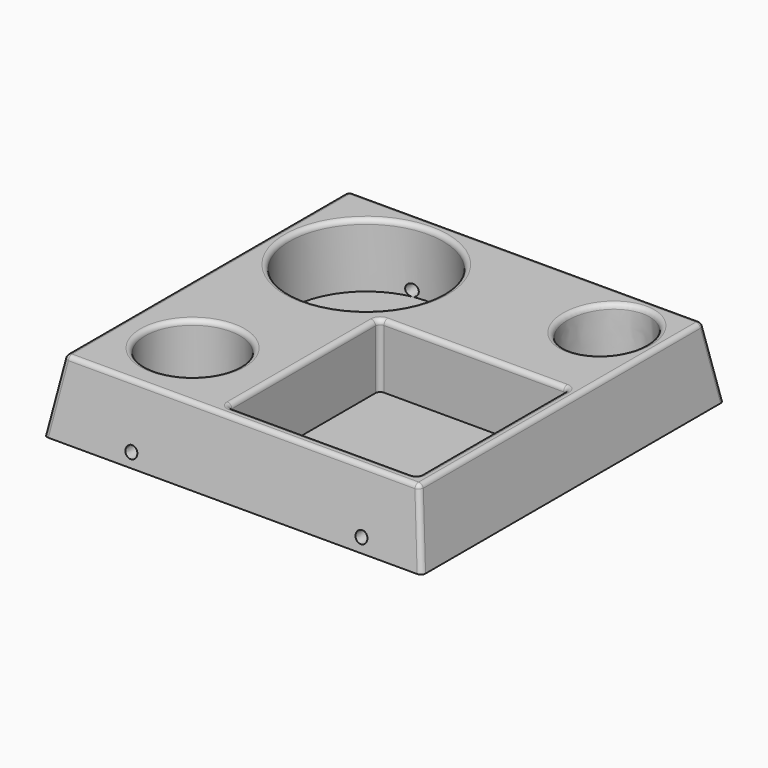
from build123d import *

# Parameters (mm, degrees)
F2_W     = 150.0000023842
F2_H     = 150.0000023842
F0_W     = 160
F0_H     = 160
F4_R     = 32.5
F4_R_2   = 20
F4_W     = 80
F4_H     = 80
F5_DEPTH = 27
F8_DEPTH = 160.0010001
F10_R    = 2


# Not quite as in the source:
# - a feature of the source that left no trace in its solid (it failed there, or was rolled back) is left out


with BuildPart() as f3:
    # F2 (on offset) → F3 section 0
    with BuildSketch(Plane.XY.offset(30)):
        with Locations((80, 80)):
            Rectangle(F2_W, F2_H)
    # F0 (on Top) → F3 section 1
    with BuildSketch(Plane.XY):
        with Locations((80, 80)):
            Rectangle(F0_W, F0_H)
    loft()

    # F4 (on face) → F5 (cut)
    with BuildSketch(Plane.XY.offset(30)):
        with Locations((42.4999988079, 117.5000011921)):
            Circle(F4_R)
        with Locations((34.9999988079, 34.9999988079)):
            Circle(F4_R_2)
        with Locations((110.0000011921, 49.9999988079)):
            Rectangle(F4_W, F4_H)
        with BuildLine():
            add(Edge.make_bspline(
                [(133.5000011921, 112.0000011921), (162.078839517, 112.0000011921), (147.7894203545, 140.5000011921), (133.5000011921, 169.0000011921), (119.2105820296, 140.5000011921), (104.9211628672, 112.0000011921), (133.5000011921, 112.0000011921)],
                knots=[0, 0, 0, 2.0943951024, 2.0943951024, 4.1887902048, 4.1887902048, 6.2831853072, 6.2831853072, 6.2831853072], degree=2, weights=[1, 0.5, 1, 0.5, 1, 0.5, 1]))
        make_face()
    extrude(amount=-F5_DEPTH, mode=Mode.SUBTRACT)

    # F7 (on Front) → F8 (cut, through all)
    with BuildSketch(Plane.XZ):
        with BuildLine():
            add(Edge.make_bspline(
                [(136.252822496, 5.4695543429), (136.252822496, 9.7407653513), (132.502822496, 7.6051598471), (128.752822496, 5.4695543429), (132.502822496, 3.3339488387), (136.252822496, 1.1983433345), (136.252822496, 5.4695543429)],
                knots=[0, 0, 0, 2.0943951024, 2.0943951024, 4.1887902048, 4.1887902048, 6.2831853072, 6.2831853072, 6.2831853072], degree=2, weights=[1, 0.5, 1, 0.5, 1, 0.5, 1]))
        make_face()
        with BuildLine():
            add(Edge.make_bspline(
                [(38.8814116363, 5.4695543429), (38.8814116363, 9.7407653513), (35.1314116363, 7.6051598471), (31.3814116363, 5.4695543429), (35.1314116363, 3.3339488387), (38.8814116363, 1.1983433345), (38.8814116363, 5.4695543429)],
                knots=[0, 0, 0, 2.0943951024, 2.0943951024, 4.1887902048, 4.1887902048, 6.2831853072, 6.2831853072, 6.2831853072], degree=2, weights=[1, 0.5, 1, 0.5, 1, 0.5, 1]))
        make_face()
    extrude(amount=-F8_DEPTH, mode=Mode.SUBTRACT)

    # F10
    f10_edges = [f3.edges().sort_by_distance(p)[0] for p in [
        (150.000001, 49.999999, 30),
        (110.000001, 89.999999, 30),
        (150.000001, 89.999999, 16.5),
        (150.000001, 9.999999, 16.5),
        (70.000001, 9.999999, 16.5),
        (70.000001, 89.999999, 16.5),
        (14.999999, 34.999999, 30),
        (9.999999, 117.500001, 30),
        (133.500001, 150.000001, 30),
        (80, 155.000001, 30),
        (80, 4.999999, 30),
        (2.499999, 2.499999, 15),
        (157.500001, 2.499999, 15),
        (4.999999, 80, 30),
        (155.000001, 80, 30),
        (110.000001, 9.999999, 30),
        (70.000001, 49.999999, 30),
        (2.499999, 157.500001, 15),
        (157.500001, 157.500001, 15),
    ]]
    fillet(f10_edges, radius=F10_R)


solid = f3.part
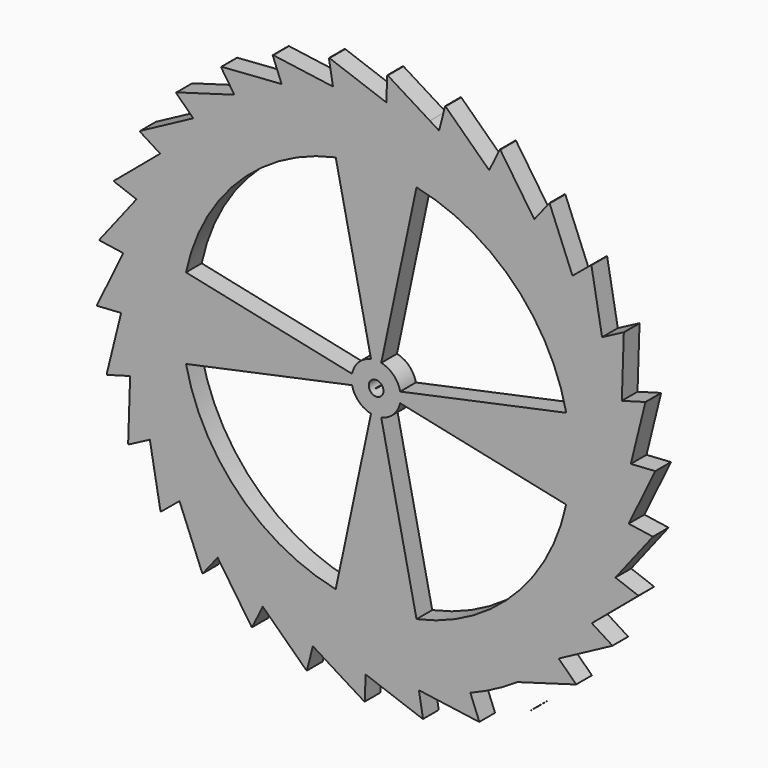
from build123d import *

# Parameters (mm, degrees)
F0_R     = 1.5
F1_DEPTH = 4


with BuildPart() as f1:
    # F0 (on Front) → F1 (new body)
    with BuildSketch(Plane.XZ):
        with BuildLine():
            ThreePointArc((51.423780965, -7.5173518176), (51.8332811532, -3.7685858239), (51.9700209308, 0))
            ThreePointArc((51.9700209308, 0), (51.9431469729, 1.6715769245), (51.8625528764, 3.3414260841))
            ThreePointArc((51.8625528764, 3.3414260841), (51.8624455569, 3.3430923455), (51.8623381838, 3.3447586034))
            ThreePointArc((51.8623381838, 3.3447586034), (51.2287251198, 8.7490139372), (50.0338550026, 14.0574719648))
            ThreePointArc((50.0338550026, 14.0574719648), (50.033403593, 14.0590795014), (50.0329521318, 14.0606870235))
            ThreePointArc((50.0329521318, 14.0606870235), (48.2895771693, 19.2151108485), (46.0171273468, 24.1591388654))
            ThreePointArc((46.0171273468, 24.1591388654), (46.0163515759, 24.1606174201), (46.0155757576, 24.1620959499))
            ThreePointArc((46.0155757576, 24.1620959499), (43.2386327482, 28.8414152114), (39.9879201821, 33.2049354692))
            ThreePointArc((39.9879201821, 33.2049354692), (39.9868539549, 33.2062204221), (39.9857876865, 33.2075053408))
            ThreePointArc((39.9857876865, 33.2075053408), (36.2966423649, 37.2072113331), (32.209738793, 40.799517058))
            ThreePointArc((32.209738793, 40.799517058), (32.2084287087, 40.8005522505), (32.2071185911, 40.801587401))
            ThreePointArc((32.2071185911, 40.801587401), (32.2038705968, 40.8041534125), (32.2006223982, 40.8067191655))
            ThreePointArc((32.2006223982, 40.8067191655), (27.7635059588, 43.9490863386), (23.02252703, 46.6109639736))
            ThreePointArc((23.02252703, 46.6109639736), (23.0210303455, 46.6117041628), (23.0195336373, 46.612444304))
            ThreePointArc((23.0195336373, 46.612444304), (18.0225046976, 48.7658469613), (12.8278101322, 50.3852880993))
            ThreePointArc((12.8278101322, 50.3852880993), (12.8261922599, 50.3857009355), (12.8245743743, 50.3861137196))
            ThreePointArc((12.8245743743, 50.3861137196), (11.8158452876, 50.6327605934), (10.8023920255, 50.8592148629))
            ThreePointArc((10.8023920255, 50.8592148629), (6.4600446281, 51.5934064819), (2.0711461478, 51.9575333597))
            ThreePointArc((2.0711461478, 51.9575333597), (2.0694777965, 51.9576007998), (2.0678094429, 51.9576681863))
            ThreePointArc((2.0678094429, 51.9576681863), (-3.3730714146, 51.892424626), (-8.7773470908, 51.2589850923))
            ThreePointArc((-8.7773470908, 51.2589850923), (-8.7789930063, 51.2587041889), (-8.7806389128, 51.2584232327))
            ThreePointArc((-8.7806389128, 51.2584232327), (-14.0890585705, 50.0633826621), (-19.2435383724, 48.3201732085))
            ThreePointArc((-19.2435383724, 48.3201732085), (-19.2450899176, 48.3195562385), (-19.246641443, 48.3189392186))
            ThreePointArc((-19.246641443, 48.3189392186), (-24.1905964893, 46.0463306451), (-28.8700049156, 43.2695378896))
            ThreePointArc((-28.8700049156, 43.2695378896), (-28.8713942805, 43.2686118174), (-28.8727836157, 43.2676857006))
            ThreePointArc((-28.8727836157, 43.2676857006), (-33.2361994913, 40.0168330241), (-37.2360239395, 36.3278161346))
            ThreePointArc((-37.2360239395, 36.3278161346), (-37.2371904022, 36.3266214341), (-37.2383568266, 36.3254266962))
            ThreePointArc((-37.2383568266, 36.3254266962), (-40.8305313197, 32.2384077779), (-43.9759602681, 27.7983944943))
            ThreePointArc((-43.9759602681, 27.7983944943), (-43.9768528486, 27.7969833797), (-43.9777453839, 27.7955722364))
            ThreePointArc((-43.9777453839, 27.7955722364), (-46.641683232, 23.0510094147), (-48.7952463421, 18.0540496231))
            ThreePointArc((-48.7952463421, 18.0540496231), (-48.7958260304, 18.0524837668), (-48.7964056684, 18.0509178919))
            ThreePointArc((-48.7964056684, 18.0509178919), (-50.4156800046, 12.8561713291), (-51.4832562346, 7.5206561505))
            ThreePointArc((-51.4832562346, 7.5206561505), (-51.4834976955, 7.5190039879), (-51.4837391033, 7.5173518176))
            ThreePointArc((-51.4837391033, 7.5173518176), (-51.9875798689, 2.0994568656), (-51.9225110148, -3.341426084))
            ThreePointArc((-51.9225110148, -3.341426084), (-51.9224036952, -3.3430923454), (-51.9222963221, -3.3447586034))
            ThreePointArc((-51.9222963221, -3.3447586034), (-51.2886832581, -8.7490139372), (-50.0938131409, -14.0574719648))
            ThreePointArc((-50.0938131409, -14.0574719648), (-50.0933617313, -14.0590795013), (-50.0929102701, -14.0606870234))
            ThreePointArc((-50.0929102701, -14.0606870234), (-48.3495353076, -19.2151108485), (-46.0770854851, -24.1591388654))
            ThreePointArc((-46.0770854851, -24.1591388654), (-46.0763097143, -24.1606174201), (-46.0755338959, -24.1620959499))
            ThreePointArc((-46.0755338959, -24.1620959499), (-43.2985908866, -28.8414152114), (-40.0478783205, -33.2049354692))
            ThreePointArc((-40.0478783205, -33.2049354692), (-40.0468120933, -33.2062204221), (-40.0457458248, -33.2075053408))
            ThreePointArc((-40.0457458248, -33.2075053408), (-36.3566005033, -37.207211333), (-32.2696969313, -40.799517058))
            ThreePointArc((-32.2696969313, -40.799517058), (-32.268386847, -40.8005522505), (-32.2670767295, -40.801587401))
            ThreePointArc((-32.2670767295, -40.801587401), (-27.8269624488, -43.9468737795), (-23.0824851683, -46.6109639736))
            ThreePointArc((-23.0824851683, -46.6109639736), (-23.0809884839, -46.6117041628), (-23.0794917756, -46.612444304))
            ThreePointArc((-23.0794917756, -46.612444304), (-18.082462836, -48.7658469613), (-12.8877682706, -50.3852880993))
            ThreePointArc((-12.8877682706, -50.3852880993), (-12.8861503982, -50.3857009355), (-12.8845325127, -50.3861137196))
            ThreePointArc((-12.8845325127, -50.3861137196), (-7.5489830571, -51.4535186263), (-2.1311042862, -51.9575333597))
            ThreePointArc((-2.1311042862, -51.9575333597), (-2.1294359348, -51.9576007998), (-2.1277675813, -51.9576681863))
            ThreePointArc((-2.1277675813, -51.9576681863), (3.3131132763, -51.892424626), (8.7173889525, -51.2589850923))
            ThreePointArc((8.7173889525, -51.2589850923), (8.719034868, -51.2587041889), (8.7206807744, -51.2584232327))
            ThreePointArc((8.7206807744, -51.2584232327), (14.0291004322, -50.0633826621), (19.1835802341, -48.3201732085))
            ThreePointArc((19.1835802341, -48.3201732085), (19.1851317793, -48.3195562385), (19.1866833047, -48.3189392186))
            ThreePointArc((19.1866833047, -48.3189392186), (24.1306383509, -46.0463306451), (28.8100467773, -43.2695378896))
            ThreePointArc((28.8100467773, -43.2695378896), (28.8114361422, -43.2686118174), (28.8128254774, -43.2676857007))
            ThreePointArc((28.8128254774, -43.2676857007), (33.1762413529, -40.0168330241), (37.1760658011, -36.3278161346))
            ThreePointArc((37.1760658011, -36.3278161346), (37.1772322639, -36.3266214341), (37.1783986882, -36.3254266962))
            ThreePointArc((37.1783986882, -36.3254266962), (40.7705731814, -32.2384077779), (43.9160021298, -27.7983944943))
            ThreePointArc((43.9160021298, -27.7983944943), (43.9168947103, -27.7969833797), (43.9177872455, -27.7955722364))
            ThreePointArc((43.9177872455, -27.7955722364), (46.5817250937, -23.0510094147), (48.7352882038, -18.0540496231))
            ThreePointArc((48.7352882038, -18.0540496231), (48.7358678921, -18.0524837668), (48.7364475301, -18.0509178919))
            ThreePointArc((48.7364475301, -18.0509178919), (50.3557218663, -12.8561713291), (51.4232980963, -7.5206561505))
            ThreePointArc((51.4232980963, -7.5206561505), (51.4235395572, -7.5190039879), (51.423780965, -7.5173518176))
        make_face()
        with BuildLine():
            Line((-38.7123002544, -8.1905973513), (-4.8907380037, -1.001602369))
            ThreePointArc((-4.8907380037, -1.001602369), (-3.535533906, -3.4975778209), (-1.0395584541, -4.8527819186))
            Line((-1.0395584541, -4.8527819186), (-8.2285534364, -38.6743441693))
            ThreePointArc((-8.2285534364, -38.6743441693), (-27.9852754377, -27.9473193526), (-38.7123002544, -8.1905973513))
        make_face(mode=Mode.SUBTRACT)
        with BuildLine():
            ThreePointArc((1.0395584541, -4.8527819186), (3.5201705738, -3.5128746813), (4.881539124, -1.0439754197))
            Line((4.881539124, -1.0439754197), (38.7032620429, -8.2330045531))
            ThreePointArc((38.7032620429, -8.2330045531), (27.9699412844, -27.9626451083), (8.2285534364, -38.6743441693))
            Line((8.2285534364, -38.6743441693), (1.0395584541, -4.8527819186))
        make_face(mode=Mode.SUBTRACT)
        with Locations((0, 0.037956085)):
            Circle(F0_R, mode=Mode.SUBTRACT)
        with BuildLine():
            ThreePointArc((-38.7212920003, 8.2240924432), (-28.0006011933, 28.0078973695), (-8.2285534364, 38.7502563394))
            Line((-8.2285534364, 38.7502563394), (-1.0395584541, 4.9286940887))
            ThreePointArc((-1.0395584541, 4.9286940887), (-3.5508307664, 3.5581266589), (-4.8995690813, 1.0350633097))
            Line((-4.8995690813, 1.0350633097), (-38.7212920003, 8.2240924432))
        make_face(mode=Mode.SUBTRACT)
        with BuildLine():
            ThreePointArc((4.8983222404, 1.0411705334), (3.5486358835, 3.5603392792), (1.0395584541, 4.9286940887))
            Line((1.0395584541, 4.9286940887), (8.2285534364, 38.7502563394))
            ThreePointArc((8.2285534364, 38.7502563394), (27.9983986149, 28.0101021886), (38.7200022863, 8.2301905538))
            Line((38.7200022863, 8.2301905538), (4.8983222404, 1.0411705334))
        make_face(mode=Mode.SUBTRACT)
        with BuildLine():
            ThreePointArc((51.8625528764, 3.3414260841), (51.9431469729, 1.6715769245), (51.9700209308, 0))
* * * * * * * * *
With the line holding "7.5190039879), (-51.4837391033, 7.5173518176))" as the first and the line holding "-51.892424626), (8.7173889525, -51.2589850923))" as the last, please transcribe exactly the lines of the material above in that range and nothing else.

            ThreePointArc((-51.4832562346, 7.5206561505), (-51.4834976955, 7.5190039879), (-51.4837391033, 7.5173518176))
            ThreePointArc((-51.4837391033, 7.5173518176), (-51.9875798689, 2.0994568656), (-51.9225110148, -3.341426084))
            ThreePointArc((-51.9225110148, -3.341426084), (-51.9224036952, -3.3430923454), (-51.9222963221, -3.3447586034))
            ThreePointArc((-51.9222963221, -3.3447586034), (-51.2886832581, -8.7490139372), (-50.0938131409, -14.0574719648))
            ThreePointArc((-50.0938131409, -14.0574719648), (-50.0933617313, -14.0590795013), (-50.0929102701, -14.0606870234))
            ThreePointArc((-50.0929102701, -14.0606870234), (-48.3495353076, -19.2151108485), (-46.0770854851, -24.1591388654))
            ThreePointArc((-46.0770854851, -24.1591388654), (-46.0763097143, -24.1606174201), (-46.0755338959, -24.1620959499))
            ThreePointArc((-46.0755338959, -24.1620959499), (-43.2985908866, -28.8414152114), (-40.0478783205, -33.2049354692))
            ThreePointArc((-40.0478783205, -33.2049354692), (-40.0468120933, -33.2062204221), (-40.0457458248, -33.2075053408))
            ThreePointArc((-40.0457458248, -33.2075053408), (-36.3566005033, -37.207211333), (-32.2696969313, -40.799517058))
            ThreePointArc((-32.2696969313, -40.799517058), (-32.268386847, -40.8005522505), (-32.2670767295, -40.801587401))
            ThreePointArc((-32.2670767295, -40.801587401), (-27.8269624488, -43.9468737795), (-23.0824851683, -46.6109639736))
            ThreePointArc((-23.0824851683, -46.6109639736), (-23.0809884839, -46.6117041628), (-23.0794917756, -46.612444304))
            ThreePointArc((-23.0794917756, -46.612444304), (-18.082462836, -48.7658469613), (-12.8877682706, -50.3852880993))
            ThreePointArc((-12.8877682706, -50.3852880993), (-12.8861503982, -50.3857009355), (-12.8845325127, -50.3861137196))
            ThreePointArc((-12.8845325127, -50.3861137196), (-7.5489830571, -51.4535186263), (-2.1311042862, -51.9575333597))
            ThreePointArc((-2.1311042862, -51.9575333597), (-2.1294359348, -51.9576007998), (-2.1277675813, -51.9576681863))
            ThreePointArc((-2.1277675813, -51.9576681863), (3.3131132763, -51.892424626), (8.7173889525, -51.2589850923))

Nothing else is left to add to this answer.